Syntaxins are a family of membrane-integrated proteins that are instrumental in exocytosis of vesicles. Syntaxin-1 is an essential component of the presynaptic exocytotic fusion machinery in the brain and interacts with several other proteins. Syntaxin-1 forms a four-helical bundle complex with proteins SNAP-25 and VAMP2 that drives fusion of vesicles with the plasma membrane in the active zone (AZ). Little is known, however, about the ultrastructural localization of syntaxin-1 at the synapse. We have analyzed the intrasynaptic expression of syntaxin-1 in glutamatergic hippocampal synapses in detail by using quantitative postembedding immunogold labeling. Syntaxin-1 was present in highest concentrations at the presynaptic AZ, supporting its role in transmitter release. Presynaptic plasma membrane lateral to the AZ, as well as presynaptic cytoplasmic (PreCy) vesicles were also labeled.

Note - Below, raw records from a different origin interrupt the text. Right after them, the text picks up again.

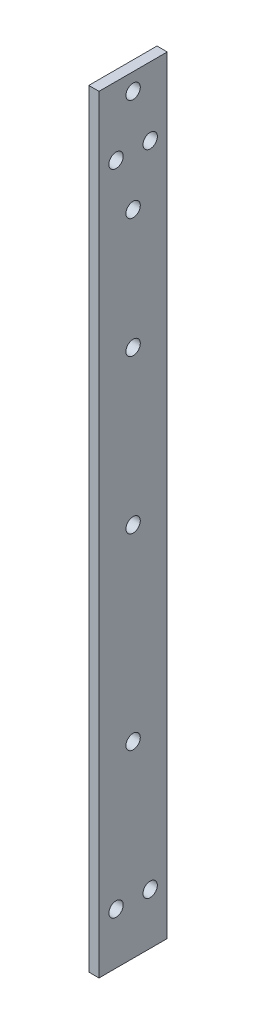
ISO-10303-21;
HEADER;
FILE_DESCRIPTION(('STEP AP214'),'2;1');
FILE_NAME('part.step','',(''),(''),'','','');
FILE_SCHEMA(('AUTOMOTIVE_DESIGN { 1 0 10303 214 1 1 1 1 }'));
ENDSEC;
DATA;
#1=APPLICATION_CONTEXT('core data for automotive mechanical design processes');
#2=APPLICATION_PROTOCOL_DEFINITION('international standard','automotive_design',2000,#1);
#3=PRODUCT_CONTEXT('',#1,'mechanical');
#4=PRODUCT('Part','Part','',(#3));
#5=PRODUCT_RELATED_PRODUCT_CATEGORY('part','',(#4));
#6=PRODUCT_DEFINITION_FORMATION('','',#4);
#7=PRODUCT_DEFINITION_CONTEXT('part definition',#1,'design');
#8=PRODUCT_DEFINITION('design','',#6,#7);
#9=PRODUCT_DEFINITION_SHAPE('','',#8);
#10=(LENGTH_UNIT() NAMED_UNIT(*) SI_UNIT(.MILLI.,.METRE.));
#11=(NAMED_UNIT(*) PLANE_ANGLE_UNIT() SI_UNIT($,.RADIAN.));
#12=(NAMED_UNIT(*) SI_UNIT($,.STERADIAN.) SOLID_ANGLE_UNIT());
#13=UNCERTAINTY_MEASURE_WITH_UNIT(LENGTH_MEASURE(1.E-05),#10,'distance_accuracy_value','');
#14=(GEOMETRIC_REPRESENTATION_CONTEXT(3) GLOBAL_UNCERTAINTY_ASSIGNED_CONTEXT((#13)) GLOBAL_UNIT_ASSIGNED_CONTEXT((#10,
#11,#12)) REPRESENTATION_CONTEXT('',''));
#15=CARTESIAN_POINT('',(0.,0.,0.));
#16=DIRECTION('',(0.,0.,1.));
#17=DIRECTION('',(1.,0.,0.));
#18=AXIS2_PLACEMENT_3D('',#15,#16,#17);
#19=CARTESIAN_POINT('',(-36.,220.,20.));
#20=DIRECTION('',(0.,1.,0.));
#21=DIRECTION('',(0.,0.,1.));
#22=AXIS2_PLACEMENT_3D('',#19,#20,#21);
#23=PLANE('',#22);
#24=DIRECTION('',(0.,0.,-1.));
#25=VECTOR('',#24,1.);
#26=CARTESIAN_POINT('',(-39.,220.,20.));
#27=LINE('',#26,#25);
#28=CARTESIAN_POINT('',(-39.,220.,20.));
#29=VERTEX_POINT('',#28);
#30=CARTESIAN_POINT('',(-39.,220.,0.));
#31=VERTEX_POINT('',#30);
#32=EDGE_CURVE('E97',#29,#31,#27,.T.);
#33=ORIENTED_EDGE('',*,*,#32,.F.);
#34=DIRECTION('',(-1.,0.,0.));
#35=VECTOR('',#34,1.);
#36=CARTESIAN_POINT('',(-36.,220.,20.));
#37=LINE('',#36,#35);
#38=CARTESIAN_POINT('',(-36.,220.,20.));
#39=VERTEX_POINT('',#38);
#40=EDGE_CURVE('E11',#39,#29,#37,.T.);
#41=ORIENTED_EDGE('',*,*,#40,.F.);
#42=DIRECTION('',(0.,0.,-1.));
#43=VECTOR('',#42,1.);
#44=CARTESIAN_POINT('',(-36.,220.,20.));
#45=LINE('',#44,#43);
#46=CARTESIAN_POINT('',(-36.,220.,0.));
#47=VERTEX_POINT('',#46);
#48=EDGE_CURVE('E90',#39,#47,#45,.T.);
#49=ORIENTED_EDGE('',*,*,#48,.T.);
#50=DIRECTION('',(-1.,0.,0.));
#51=VECTOR('',#50,1.);
#52=CARTESIAN_POINT('',(-36.,220.,0.));
#53=LINE('',#52,#51);
#54=EDGE_CURVE('E35',#47,#31,#53,.T.);
#55=ORIENTED_EDGE('',*,*,#54,.T.);
#56=EDGE_LOOP('',(#33,#41,#49,#55));
#57=FACE_BOUND('',#56,.T.);
#58=ADVANCED_FACE('F32',(#57),#23,.T.);
#59=CARTESIAN_POINT('',(-36.,-5.,20.));
#60=DIRECTION('',(0.,0.,1.));
#61=DIRECTION('',(1.,0.,0.));
#62=AXIS2_PLACEMENT_3D('',#59,#60,#61);
#63=PLANE('',#62);
#64=DIRECTION('',(0.,1.,0.));
#65=VECTOR('',#64,1.);
#66=CARTESIAN_POINT('',(-39.,-5.,20.));
#67=LINE('',#66,#65);
#68=CARTESIAN_POINT('',(-39.,-5.,20.));
#69=VERTEX_POINT('',#68);
#70=EDGE_CURVE('E92',#69,#29,#67,.T.);
#71=ORIENTED_EDGE('',*,*,#70,.F.);
#72=DIRECTION('',(-1.,0.,0.));
#73=VECTOR('',#72,1.);
#74=CARTESIAN_POINT('',(-36.,-5.,20.));
#75=LINE('',#74,#73);
#76=CARTESIAN_POINT('',(-36.,-5.,20.));
#77=VERTEX_POINT('',#76);
#78=EDGE_CURVE('E41',#77,#69,#75,.T.);
#79=ORIENTED_EDGE('',*,*,#78,.F.);
#80=DIRECTION('',(0.,1.,0.));
#81=VECTOR('',#80,1.);
#82=CARTESIAN_POINT('',(-36.,-5.,20.));
#83=LINE('',#82,#81);
#84=EDGE_CURVE('E87',#77,#39,#83,.T.);
#85=ORIENTED_EDGE('',*,*,#84,.T.);
#86=ORIENTED_EDGE('',*,*,#40,.T.);
#87=EDGE_LOOP('',(#71,#79,#85,#86));
#88=FACE_BOUND('',#87,.T.);
#89=ADVANCED_FACE('F108',(#88),#63,.T.);
#90=CARTESIAN_POINT('',(-36.,-5.,0.));
#91=DIRECTION('',(0.,-1.,0.));
#92=DIRECTION('',(0.,0.,-1.));
#93=AXIS2_PLACEMENT_3D('',#90,#91,#92);
#94=PLANE('',#93);
#95=DIRECTION('',(0.,0.,1.));
#96=VECTOR('',#95,1.);
#97=CARTESIAN_POINT('',(-39.,-5.,0.));
#98=LINE('',#97,#96);
#99=CARTESIAN_POINT('',(-39.,-5.,0.));
#100=VERTEX_POINT('',#99);
#101=EDGE_CURVE('E82',#100,#69,#98,.T.);
#102=ORIENTED_EDGE('',*,*,#101,.F.);
#103=DIRECTION('',(-1.,0.,0.));
#104=VECTOR('',#103,1.);
#105=CARTESIAN_POINT('',(-36.,-5.,0.));
#106=LINE('',#105,#104);
#107=CARTESIAN_POINT('',(-36.,-5.,0.));
#108=VERTEX_POINT('',#107);
#109=EDGE_CURVE('E77',#108,#100,#106,.T.);
#110=ORIENTED_EDGE('',*,*,#109,.F.);
#111=DIRECTION('',(0.,0.,1.));
#112=VECTOR('',#111,1.);
#113=CARTESIAN_POINT('',(-36.,-5.,0.));
#114=LINE('',#113,#112);
#115=EDGE_CURVE('E80',#108,#77,#114,.T.);
#116=ORIENTED_EDGE('',*,*,#115,.T.);
#117=ORIENTED_EDGE('',*,*,#78,.T.);
#118=EDGE_LOOP('',(#102,#110,#116,#117));
#119=FACE_BOUND('',#118,.T.);
#120=ADVANCED_FACE('F79',(#119),#94,.T.);
#121=CARTESIAN_POINT('',(-36.,220.,0.));
#122=DIRECTION('',(0.,0.,-1.));
#123=DIRECTION('',(-1.,0.,0.));
#124=AXIS2_PLACEMENT_3D('',#121,#122,#123);
#125=PLANE('',#124);
#126=DIRECTION('',(0.,-1.,0.));
#127=VECTOR('',#126,1.);
#128=CARTESIAN_POINT('',(-39.,220.,0.));
#129=LINE('',#128,#127);
#130=EDGE_CURVE('E100',#31,#100,#129,.T.);
#131=ORIENTED_EDGE('',*,*,#130,.F.);
#132=ORIENTED_EDGE('',*,*,#54,.F.);
#133=DIRECTION('',(0.,-1.,0.));
#134=VECTOR('',#133,1.);
#135=CARTESIAN_POINT('',(-36.,220.,0.));
#136=LINE('',#135,#134);
#137=EDGE_CURVE('E86',#47,#108,#136,.T.);
#138=ORIENTED_EDGE('',*,*,#137,.T.);
#139=ORIENTED_EDGE('',*,*,#109,.T.);
#140=EDGE_LOOP('',(#131,#132,#138,#139));
#141=FACE_BOUND('',#140,.T.);
#142=ADVANCED_FACE('F89',(#141),#125,.T.);
#143=CARTESIAN_POINT('',(-36.,0.,0.));
#144=DIRECTION('',(-1.,0.,0.));
#145=DIRECTION('',(0.,0.,1.));
#146=AXIS2_PLACEMENT_3D('',#143,#144,#145);
#147=PLANE('',#146);
#148=CARTESIAN_POINT('',(-36.,50.,9.99999999999999));
#149=DIRECTION('',(-1.,0.,0.));
#150=DIRECTION('',(0.,0.,-1.));
#151=AXIS2_PLACEMENT_3D('',#148,#149,#150);
#152=CIRCLE('',#151,2.09999999999999);
#153=CARTESIAN_POINT('',(-36.,50.,7.9));
#154=VERTEX_POINT('',#153);
#155=EDGE_CURVE('E169',#154,#154,#152,.T.);
#156=ORIENTED_EDGE('',*,*,#155,.T.);
#157=EDGE_LOOP('',(#156));
#158=FACE_BOUND('',#157,.T.);
#159=CARTESIAN_POINT('',(-36.,105.,10.));
#160=DIRECTION('',(-1.,0.,0.));
#161=DIRECTION('',(0.,0.,-1.));
#162=AXIS2_PLACEMENT_3D('',#159,#160,#161);
#163=CIRCLE('',#162,2.09999999999999);
#164=CARTESIAN_POINT('',(-36.,105.,7.90000000000001));
#165=VERTEX_POINT('',#164);
#166=EDGE_CURVE('E177',#165,#165,#163,.T.);
#167=ORIENTED_EDGE('',*,*,#166,.T.);
#168=EDGE_LOOP('',(#167));
#169=FACE_BOUND('',#168,.T.);
#170=CARTESIAN_POINT('',(-36.,150.,10.));
#171=DIRECTION('',(-1.,0.,0.));
#172=DIRECTION('',(0.,0.,-1.));
#173=AXIS2_PLACEMENT_3D('',#170,#171,#172);
#174=CIRCLE('',#173,2.09999999999999);
#175=CARTESIAN_POINT('',(-36.,150.,7.90000000000001));
#176=VERTEX_POINT('',#175);
#177=EDGE_CURVE('E183',#176,#176,#174,.T.);
#178=ORIENTED_EDGE('',*,*,#177,.T.);
#179=EDGE_LOOP('',(#178));
#180=FACE_BOUND('',#179,.T.);
#181=CARTESIAN_POINT('',(-36.,200.,5.));
#182=DIRECTION('',(-1.,0.,0.));
#183=DIRECTION('',(0.,0.,-1.));
#184=AXIS2_PLACEMENT_3D('',#181,#182,#183);
#185=CIRCLE('',#184,2.09999999999999);
#186=CARTESIAN_POINT('',(-36.,200.,2.90000000000001));
#187=VERTEX_POINT('',#186);
#188=EDGE_CURVE('E189',#187,#187,#185,.T.);
#189=ORIENTED_EDGE('',*,*,#188,.T.);
#190=EDGE_LOOP('',(#189));
#191=FACE_BOUND('',#190,.T.);
#192=CARTESIAN_POINT('',(-36.,10.,15.));
#193=DIRECTION('',(-1.,0.,0.));
#194=DIRECTION('',(0.,0.,-1.));
#195=AXIS2_PLACEMENT_3D('',#192,#193,#194);
#196=CIRCLE('',#195,2.1);
#197=CARTESIAN_POINT('',(-36.,10.,12.9));
#198=VERTEX_POINT('',#197);
#199=EDGE_CURVE('E195',#198,#198,#196,.T.);
#200=ORIENTED_EDGE('',*,*,#199,.T.);
#201=EDGE_LOOP('',(#200));
#202=FACE_BOUND('',#201,.T.);
#203=CARTESIAN_POINT('',(-36.,10.,5.));
#204=DIRECTION('',(-1.,0.,0.));
#205=DIRECTION('',(0.,0.,-1.));
#206=AXIS2_PLACEMENT_3D('',#203,#204,#205);
#207=CIRCLE('',#206,2.1);
#208=CARTESIAN_POINT('',(-36.,10.,2.9));
#209=VERTEX_POINT('',#208);
#210=EDGE_CURVE('E201',#209,#209,#207,.T.);
#211=ORIENTED_EDGE('',*,*,#210,.T.);
#212=EDGE_LOOP('',(#211));
#213=FACE_BOUND('',#212,.T.);
#214=CARTESIAN_POINT('',(-36.,185.,10.));
#215=DIRECTION('',(-1.,0.,0.));
#216=DIRECTION('',(0.,0.,-1.));
#217=AXIS2_PLACEMENT_3D('',#214,#215,#216);
#218=CIRCLE('',#217,2.09999999999999);
#219=CARTESIAN_POINT('',(-36.,185.,7.90000000000001));
#220=VERTEX_POINT('',#219);
#221=EDGE_CURVE('E207',#220,#220,#218,.T.);
#222=ORIENTED_EDGE('',*,*,#221,.T.);
#223=EDGE_LOOP('',(#222));
#224=FACE_BOUND('',#223,.T.);
#225=CARTESIAN_POINT('',(-36.,200.,15.));
#226=DIRECTION('',(-1.,0.,0.));
#227=DIRECTION('',(0.,0.,-1.));
#228=AXIS2_PLACEMENT_3D('',#225,#226,#227);
#229=CIRCLE('',#228,2.09999999999999);
#230=CARTESIAN_POINT('',(-36.,200.,12.9));
#231=VERTEX_POINT('',#230);
#232=EDGE_CURVE('E213',#231,#231,#229,.T.);
#233=ORIENTED_EDGE('',*,*,#232,.T.);
#234=EDGE_LOOP('',(#233));
#235=FACE_BOUND('',#234,.T.);
#236=CARTESIAN_POINT('',(-36.,215.,10.));
#237=DIRECTION('',(-1.,0.,0.));
#238=DIRECTION('',(0.,0.,-1.));
#239=AXIS2_PLACEMENT_3D('',#236,#237,#238);
#240=CIRCLE('',#239,2.09999999999999);
#241=CARTESIAN_POINT('',(-36.,215.,7.90000000000001));
#242=VERTEX_POINT('',#241);
#243=EDGE_CURVE('E101',#242,#242,#240,.T.);
#244=ORIENTED_EDGE('',*,*,#243,.T.);
#245=EDGE_LOOP('',(#244));
#246=FACE_BOUND('',#245,.T.);
#247=ORIENTED_EDGE('',*,*,#48,.F.);
#248=ORIENTED_EDGE('',*,*,#84,.F.);
#249=ORIENTED_EDGE('',*,*,#115,.F.);
#250=ORIENTED_EDGE('',*,*,#137,.F.);
#251=EDGE_LOOP('',(#247,#248,#249,#250));
#252=FACE_BOUND('',#251,.T.);
#253=ADVANCED_FACE('F85',(#158,#169,#180,#191,#202,#213,#224,#235,#246,#252),#147,.F.);
#254=CARTESIAN_POINT('',(-39.,0.,0.));
#255=DIRECTION('',(-1.,0.,0.));
#256=DIRECTION('',(0.,0.,1.));
#257=AXIS2_PLACEMENT_3D('',#254,#255,#256);
#258=PLANE('',#257);
#259=CARTESIAN_POINT('',(-39.,50.,9.99999999999999));
#260=DIRECTION('',(-1.,0.,0.));
#261=DIRECTION('',(0.,0.,-1.));
#262=AXIS2_PLACEMENT_3D('',#259,#260,#261);
#263=CIRCLE('',#262,2.09999999999999);
#264=CARTESIAN_POINT('',(-39.,50.,7.9));
#265=VERTEX_POINT('',#264);
#266=EDGE_CURVE('E172',#265,#265,#263,.T.);
#267=ORIENTED_EDGE('',*,*,#266,.F.);
#268=EDGE_LOOP('',(#267));
#269=FACE_BOUND('',#268,.T.);
#270=CARTESIAN_POINT('',(-39.,105.,10.));
#271=DIRECTION('',(-1.,0.,0.));
#272=DIRECTION('',(0.,0.,-1.));
#273=AXIS2_PLACEMENT_3D('',#270,#271,#272);
#274=CIRCLE('',#273,2.09999999999999);
#275=CARTESIAN_POINT('',(-39.,105.,7.90000000000001));
#276=VERTEX_POINT('',#275);
#277=EDGE_CURVE('E174',#276,#276,#274,.T.);
#278=ORIENTED_EDGE('',*,*,#277,.F.);
#279=EDGE_LOOP('',(#278));
#280=FACE_BOUND('',#279,.T.);
#281=CARTESIAN_POINT('',(-39.,150.,10.));
#282=DIRECTION('',(-1.,0.,0.));
#283=DIRECTION('',(0.,0.,-1.));
#284=AXIS2_PLACEMENT_3D('',#281,#282,#283);
#285=CIRCLE('',#284,2.09999999999999);
#286=CARTESIAN_POINT('',(-39.,150.,7.90000000000001));
#287=VERTEX_POINT('',#286);
#288=EDGE_CURVE('E180',#287,#287,#285,.T.);
#289=ORIENTED_EDGE('',*,*,#288,.F.);
#290=EDGE_LOOP('',(#289));
#291=FACE_BOUND('',#290,.T.);
#292=CARTESIAN_POINT('',(-39.,200.,5.));
#293=DIRECTION('',(-1.,0.,0.));
#294=DIRECTION('',(0.,0.,-1.));
#295=AXIS2_PLACEMENT_3D('',#292,#293,#294);
#296=CIRCLE('',#295,2.09999999999999);
#297=CARTESIAN_POINT('',(-39.,200.,2.90000000000001));
#298=VERTEX_POINT('',#297);
#299=EDGE_CURVE('E186',#298,#298,#296,.T.);
#300=ORIENTED_EDGE('',*,*,#299,.F.);
#301=EDGE_LOOP('',(#300));
#302=FACE_BOUND('',#301,.T.);
#303=CARTESIAN_POINT('',(-39.,10.,15.));
#304=DIRECTION('',(-1.,0.,0.));
#305=DIRECTION('',(0.,0.,-1.));
#306=AXIS2_PLACEMENT_3D('',#303,#304,#305);
#307=CIRCLE('',#306,2.1);
#308=CARTESIAN_POINT('',(-39.,10.,12.9));
#309=VERTEX_POINT('',#308);
#310=EDGE_CURVE('E192',#309,#309,#307,.T.);
#311=ORIENTED_EDGE('',*,*,#310,.F.);
#312=EDGE_LOOP('',(#311));
#313=FACE_BOUND('',#312,.T.);
#314=CARTESIAN_POINT('',(-39.,10.,5.));
#315=DIRECTION('',(-1.,0.,0.));
#316=DIRECTION('',(0.,0.,-1.));
#317=AXIS2_PLACEMENT_3D('',#314,#315,#316);
#318=CIRCLE('',#317,2.1);
#319=CARTESIAN_POINT('',(-39.,10.,2.9));
#320=VERTEX_POINT('',#319);
#321=EDGE_CURVE('E198',#320,#320,#318,.T.);
#322=ORIENTED_EDGE('',*,*,#321,.F.);
#323=EDGE_LOOP('',(#322));
#324=FACE_BOUND('',#323,.T.);
#325=CARTESIAN_POINT('',(-39.,185.,10.));
#326=DIRECTION('',(-1.,0.,0.));
#327=DIRECTION('',(0.,0.,-1.));
#328=AXIS2_PLACEMENT_3D('',#325,#326,#327);
#329=CIRCLE('',#328,2.09999999999999);
#330=CARTESIAN_POINT('',(-39.,185.,7.90000000000001));
#331=VERTEX_POINT('',#330);
#332=EDGE_CURVE('E204',#331,#331,#329,.T.);
#333=ORIENTED_EDGE('',*,*,#332,.F.);
#334=EDGE_LOOP('',(#333));
#335=FACE_BOUND('',#334,.T.);
#336=CARTESIAN_POINT('',(-39.,200.,15.));
#337=DIRECTION('',(-1.,0.,0.));
#338=DIRECTION('',(0.,0.,-1.));
#339=AXIS2_PLACEMENT_3D('',#336,#337,#338);
#340=CIRCLE('',#339,2.09999999999999);
#341=CARTESIAN_POINT('',(-39.,200.,12.9));
#342=VERTEX_POINT('',#341);
#343=EDGE_CURVE('E210',#342,#342,#340,.T.);
#344=ORIENTED_EDGE('',*,*,#343,.F.);
#345=EDGE_LOOP('',(#344));
#346=FACE_BOUND('',#345,.T.);
#347=CARTESIAN_POINT('',(-39.,215.,10.));
#348=DIRECTION('',(-1.,0.,0.));
#349=DIRECTION('',(0.,0.,-1.));
#350=AXIS2_PLACEMENT_3D('',#347,#348,#349);
#351=CIRCLE('',#350,2.09999999999999);
#352=CARTESIAN_POINT('',(-39.,215.,7.90000000000001));
#353=VERTEX_POINT('',#352);
#354=EDGE_CURVE('E216',#353,#353,#351,.T.);
#355=ORIENTED_EDGE('',*,*,#354,.F.);
#356=EDGE_LOOP('',(#355));
#357=FACE_BOUND('',#356,.T.);
#358=ORIENTED_EDGE('',*,*,#32,.T.);
#359=ORIENTED_EDGE('',*,*,#130,.T.);
#360=ORIENTED_EDGE('',*,*,#101,.T.);
#361=ORIENTED_EDGE('',*,*,#70,.T.);
#362=EDGE_LOOP('',(#358,#359,#360,#361));
#363=FACE_BOUND('',#362,.T.);
#364=ADVANCED_FACE('F107',(#269,#280,#291,#302,#313,#324,#335,#346,#357,#363),#258,.T.);
#365=CARTESIAN_POINT('',(-36.,215.,10.));
#366=DIRECTION('',(-1.,0.,0.));
#367=DIRECTION('',(0.,0.,1.));
#368=AXIS2_PLACEMENT_3D('',#365,#366,#367);
#369=CYLINDRICAL_SURFACE('',#368,2.09999999999999);
#370=ORIENTED_EDGE('',*,*,#243,.F.);
#371=EDGE_LOOP('',(#370));
#372=FACE_BOUND('',#371,.T.);
#373=ORIENTED_EDGE('',*,*,#354,.T.);
#374=EDGE_LOOP('',(#373));
#375=FACE_BOUND('',#374,.T.);
#376=ADVANCED_FACE('F126',(#372,#375),#369,.F.);
#377=CARTESIAN_POINT('',(-36.,200.,15.));
#378=DIRECTION('',(-1.,0.,0.));
#379=DIRECTION('',(0.,0.,1.));
#380=AXIS2_PLACEMENT_3D('',#377,#378,#379);
#381=CYLINDRICAL_SURFACE('',#380,2.09999999999999);
#382=ORIENTED_EDGE('',*,*,#232,.F.);
#383=EDGE_LOOP('',(#382));
#384=FACE_BOUND('',#383,.T.);
#385=ORIENTED_EDGE('',*,*,#343,.T.);
#386=EDGE_LOOP('',(#385));
#387=FACE_BOUND('',#386,.T.);
#388=ADVANCED_FACE('F133',(#384,#387),#381,.F.);
#389=CARTESIAN_POINT('',(-36.,185.,10.));
#390=DIRECTION('',(-1.,0.,0.));
#391=DIRECTION('',(0.,0.,1.));
#392=AXIS2_PLACEMENT_3D('',#389,#390,#391);
#393=CYLINDRICAL_SURFACE('',#392,2.09999999999999);
#394=ORIENTED_EDGE('',*,*,#221,.F.);
#395=EDGE_LOOP('',(#394));
#396=FACE_BOUND('',#395,.T.);
#397=ORIENTED_EDGE('',*,*,#332,.T.);
#398=EDGE_LOOP('',(#397));
#399=FACE_BOUND('',#398,.T.);
#400=ADVANCED_FACE('F137',(#396,#399),#393,.F.);
#401=CARTESIAN_POINT('',(-36.,10.,5.));
#402=DIRECTION('',(-1.,0.,0.));
#403=DIRECTION('',(0.,0.,1.));
#404=AXIS2_PLACEMENT_3D('',#401,#402,#403);
#405=CYLINDRICAL_SURFACE('',#404,2.1);
#406=ORIENTED_EDGE('',*,*,#210,.F.);
#407=EDGE_LOOP('',(#406));
#408=FACE_BOUND('',#407,.T.);
#409=ORIENTED_EDGE('',*,*,#321,.T.);
#410=EDGE_LOOP('',(#409));
#411=FACE_BOUND('',#410,.T.);
#412=ADVANCED_FACE('F141',(#408,#411),#405,.F.);
#413=CARTESIAN_POINT('',(-36.,10.,15.));
#414=DIRECTION('',(-1.,0.,0.));
#415=DIRECTION('',(0.,0.,1.));
#416=AXIS2_PLACEMENT_3D('',#413,#414,#415);
#417=CYLINDRICAL_SURFACE('',#416,2.1);
#418=ORIENTED_EDGE('',*,*,#199,.F.);
#419=EDGE_LOOP('',(#418));
#420=FACE_BOUND('',#419,.T.);
#421=ORIENTED_EDGE('',*,*,#310,.T.);
#422=EDGE_LOOP('',(#421));
#423=FACE_BOUND('',#422,.T.);
#424=ADVANCED_FACE('F145',(#420,#423),#417,.F.);
#425=CARTESIAN_POINT('',(-36.,200.,5.));
#426=DIRECTION('',(-1.,0.,0.));
#427=DIRECTION('',(0.,0.,1.));
#428=AXIS2_PLACEMENT_3D('',#425,#426,#427);
#429=CYLINDRICAL_SURFACE('',#428,2.09999999999999);
#430=ORIENTED_EDGE('',*,*,#188,.F.);
#431=EDGE_LOOP('',(#430));
#432=FACE_BOUND('',#431,.T.);
#433=ORIENTED_EDGE('',*,*,#299,.T.);
#434=EDGE_LOOP('',(#433));
#435=FACE_BOUND('',#434,.T.);
#436=ADVANCED_FACE('F149',(#432,#435),#429,.F.);
#437=CARTESIAN_POINT('',(-36.,150.,10.));
#438=DIRECTION('',(-1.,0.,0.));
#439=DIRECTION('',(0.,0.,1.));
#440=AXIS2_PLACEMENT_3D('',#437,#438,#439);
#441=CYLINDRICAL_SURFACE('',#440,2.09999999999999);
#442=ORIENTED_EDGE('',*,*,#177,.F.);
#443=EDGE_LOOP('',(#442));
#444=FACE_BOUND('',#443,.T.);
#445=ORIENTED_EDGE('',*,*,#288,.T.);
#446=EDGE_LOOP('',(#445));
#447=FACE_BOUND('',#446,.T.);
#448=ADVANCED_FACE('F153',(#444,#447),#441,.F.);
#449=CARTESIAN_POINT('',(-36.,105.,10.));
#450=DIRECTION('',(-1.,0.,0.));
#451=DIRECTION('',(0.,0.,1.));
#452=AXIS2_PLACEMENT_3D('',#449,#450,#451);
#453=CYLINDRICAL_SURFACE('',#452,2.09999999999999);
#454=ORIENTED_EDGE('',*,*,#166,.F.);
#455=EDGE_LOOP('',(#454));
#456=FACE_BOUND('',#455,.T.);
#457=ORIENTED_EDGE('',*,*,#277,.T.);
#458=EDGE_LOOP('',(#457));
#459=FACE_BOUND('',#458,.T.);
#460=ADVANCED_FACE('F157',(#456,#459),#453,.F.);
#461=CARTESIAN_POINT('',(-36.,50.,9.99999999999999));
#462=DIRECTION('',(-1.,0.,0.));
#463=DIRECTION('',(0.,0.,1.));
#464=AXIS2_PLACEMENT_3D('',#461,#462,#463);
#465=CYLINDRICAL_SURFACE('',#464,2.09999999999999);
#466=ORIENTED_EDGE('',*,*,#155,.F.);
#467=EDGE_LOOP('',(#466));
#468=FACE_BOUND('',#467,.T.);
#469=ORIENTED_EDGE('',*,*,#266,.T.);
#470=EDGE_LOOP('',(#469));
#471=FACE_BOUND('',#470,.T.);
#472=ADVANCED_FACE('F161',(#468,#471),#465,.F.);
#473=CLOSED_SHELL('',(#58,#89,#120,#142,#253,#364,#376,#388,#400,#412,#424,#436,#448,#460,#472));
#474=MANIFOLD_SOLID_BREP('B2',#473);
#475=ADVANCED_BREP_SHAPE_REPRESENTATION('',(#18,#474),#14);
#476=SHAPE_DEFINITION_REPRESENTATION(#9,#475);
ENDSEC;
END-ISO-10303-21;

However, syntaxin-1 was also significantly expressed in postsynaptic spines, where it was localized at the postsynaptic density (PSD), at postsynaptic lateral membranes and in postsynaptic cytoplasm. Postsynaptically, syntaxin-1 colocalized in the nanometer range with the N-methyl-D-aspartate (NMDA) receptor subunit NR2B, but only weakly with the AMPA receptor subunits GluA2/3. This observation points to the possibility that syntaxin-1 may be involved with NR2B vesicular trafficking from cytoplasmic stores to the postsynaptic plasma membrane, thus facilitating synaptic plasticity. Confocal immunofluorescence double labeling with PSD-95 and ultrastructural fractionation of synaptosomes also confirm localization of syntaxin-1 at the PSD.